Repositioning of the antipsychotic trifluoperazine: Synthesis, biological evaluation and in silico study of trifluoperazine analogs as anti-glioblastoma agents.

Repositioning of the antipsychotic drug trifluoperazine for treatment of glioblastoma, an aggressive brain tumor, has been previously suggested. However, trifluoperazine did not increase the survival time in mice models of glioblastoma. In attempt to identify an effective trifluoperazine analog, fourteen compounds have been synthesized and biologically in vitro and in vivo assessed. Using MTT assay, compounds 3dc and 3dd elicited 4-5 times more potent inhibitory activity than trifluoperazine with IC50 = 2.3 and 2.2 µM against U87MG glioblastoma cells, as well as, IC50 = 2.2 and 2.1 µM against GBL28 human glioblastoma patient derived primary cells, respectively. Furthermore, they have shown a reasonable selectivity for glioblastoma cells over NSC normal neural cell. In vivo evaluation of analog 3dc confirmed its advantageous effect on reduction of tumor size and increasing the survival time in brain xenograft mouse model of glioblastoma. Molecular modeling simulation provided a reasonable explanation for the observed variation in the capability of the synthesized analogs to increase the intracellular Ca2+ levels. In summary, this study presents compound 3dc as a proposed new tool for the adjuvant chemotherapy of glioblastoma.

Trifluoperazine induces apoptosis through the upregulation of Bax/Bcl­2 and downregulated phosphorylation of AKT in mesangial cells and improves renal function in lupus nephritis mice.

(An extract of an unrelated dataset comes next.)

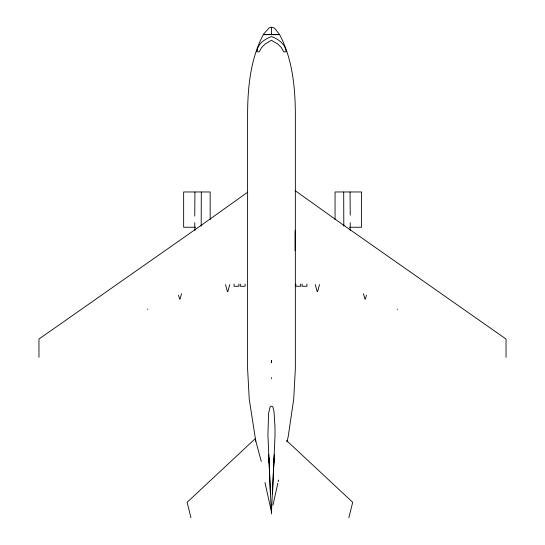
<?xml version="1.0" encoding="UTF-8"?>
<svg xmlns="http://www.w3.org/2000/svg" width="545" height="545" viewBox="0 0 545 545"><rect width="100%" height="100%" fill="white"/><g stroke="black" fill="none" stroke-linecap="round" stroke-linejoin="round"><path stroke-width="0.82" d="M194.749 216.052L194.94 192.051M201.309 192.051L201.187 226.093M343.813 226.093L343.691 192.051M350.088 230.331L350.258 222.707M272.541 493.947L274.026 458.325L271.471 512.15L271.274 510.093M273.617 467.508L275.041 434.781L274.946 426.135L273.999 411.489L272.909 407.101L272.03 406.216L270.913 406.216L270.034 407.101L268.583 413.437L267.908 434.781L271.131 508.458M268.998 462.249L269.067 460.954L269.468 463.768M295.118 250.727L295.111 230.562M273.883 458.924L274.333 454.401M273.277 465.171L273.576 463.059M272.977 505.12L277.821 483.292M278.182 481.664L278.543 480.036M286.983 442.029L288.244 436.347L293.707 399.192L295.342 368.87L295.342 113.714C295.213 86.914 292.365 58.71 279.646 34.676L273.277 34.676M348.841 517.75L352.697 502.306L286.493 440.469M181.533 293.687L180.095 299.076L179.605 299.076L178.556 295.227M229.731 284.599L227.885 291.527L227.388 291.527L225.507 284.599M319.493 284.599L317.612 291.527L317.115 291.527L315.269 284.599M366.444 295.227L365.395 299.076L364.905 299.076L363.467 293.687M247.689 192.194L202.393 224.499L38.968 339.038L38.968 357.363M271.539 27.25L274.367 28.02L279.565 34.451L271.539 34.451L271.485 27.25L269.196 27.836L263.296 34.451L264.516 34.451M271.485 34.451L263.399 34.451M267.043 34.451L270 34.451M278.502 34.451L279.565 34.451M269.673 34.676L263.296 34.676C250.577 58.71 247.737 86.914 247.6 113.714L247.6 368.87L249.242 399.192L255.803 441.3M195.532 227.251L183.645 227.251L183.645 191.969L210.159 191.969L210.159 219.696M349.686 227.251L361.567 227.251L361.567 191.969L335.052 191.969L335.052 219.696M147.436 309.206L147.927 309.206M397.073 309.206L397.564 309.206M271.437 377.644L271.505 378.707M272.963 34.539L275.102 34.676M295.254 190.723L342.607 224.499L506.032 339.038L506.032 357.363M261.293 461.492L255.176 438.732L187.112 502.306L190.968 517.75M264.945 482.482L271.471 511.884M268.617 454.401L268.985 458.168M269.21 460.464L269.516 463.597M273.883 460.954L273.951 462.249M269.094 462.31L268.917 458.325L270.409 493.947M194.742 222.707L194.912 230.331M350.06 192.051L350.244 215.221M306.917 284.061L306.917 286.254L302.121 286.254L302.121 284.061M300.677 284.061L300.677 286.254L295.874 286.254L295.874 284.061M271.471 509.684L271.471 513.99M245.114 284.061L245.114 286.254L240.311 286.254L240.311 284.061M238.874 284.061L238.874 286.254L234.071 286.254L234.071 284.061M257.131 50.433L256.736 51.823L259.291 51.823L261.566 47.579L265.129 44.077L271.471 40.269L277.821 44.077L281.384 47.579L283.659 51.823L286.214 51.823C285.205 44.002 278.475 38.995 271.471 36.549C265.177 39.022 258.316 43.15 257.131 50.433M270.361 34.451L269.496 34.676L271.471 34.274L273.454 34.676L270.361 34.512M271.539 360.579L271.403 362.657L271.539 360.579"/></g></svg>

The inhibition of mesangial cell (MC) proliferation has become an important therapy in preventing glomerular proliferation diseases. Trifluoperazine (TFP) has been reported to inhibit the proliferation of several types of cancer cell, however, the effects of TFP in renal proliferation diseases remain to be fully elucidated. The present study examined the effects of TFP on the proliferation of MCs and quantified cell apoptosis progression in vivo and in vitro. The effects of various TFP concentrations and treatment durations on cell proliferation and cell apoptosis in vitro were analyzed using flow cytometry in conjunction with a Cell Counting kit­8 assay. Cell proliferation in vivo was determined using hematoxylin and eosin staining and immunohistochemistry of Ki67. The expression of the two cell apoptosis­related proteins, B­cell lymphoma-2 (Bcl­2) and Bcl­2­associated X protein (Bax), were estimated using western blot analysis and immunohistochemistry in vivo and in vitro. TFP­induced phosphatidylinositol 3­kinase (PI3K)/protein kinase B (AKT) signaling pathways were also estimated using western blot analysis. These results suggested that TFP inhibited MC proliferation in a dose­ and time­dependent manner. It was found that TFP inhibited the abnormal proliferation of MCs, which was stimulated by 20% fetal bovine serum in vitro and in lupus MRL/lpr mice. TFP promoted cell apoptosis, downregulated the expression of Bcl­2 and upregulated the expression of Bax in a dose­dependent manner at mRNA and protein levels. In addition, TFP inhibited phosphorylated AKT, potentially leading to the suppressed activation of PI3K/AKT signaling pathways. TFP treatment significantly decreased the levels of blood urea nitrogen and serum creatinine, but had no significant effects on the body weight and liver function of the lupus mice. These results validated and reinforced the potential of TFP in the treatment of mesangial proliferative diseases.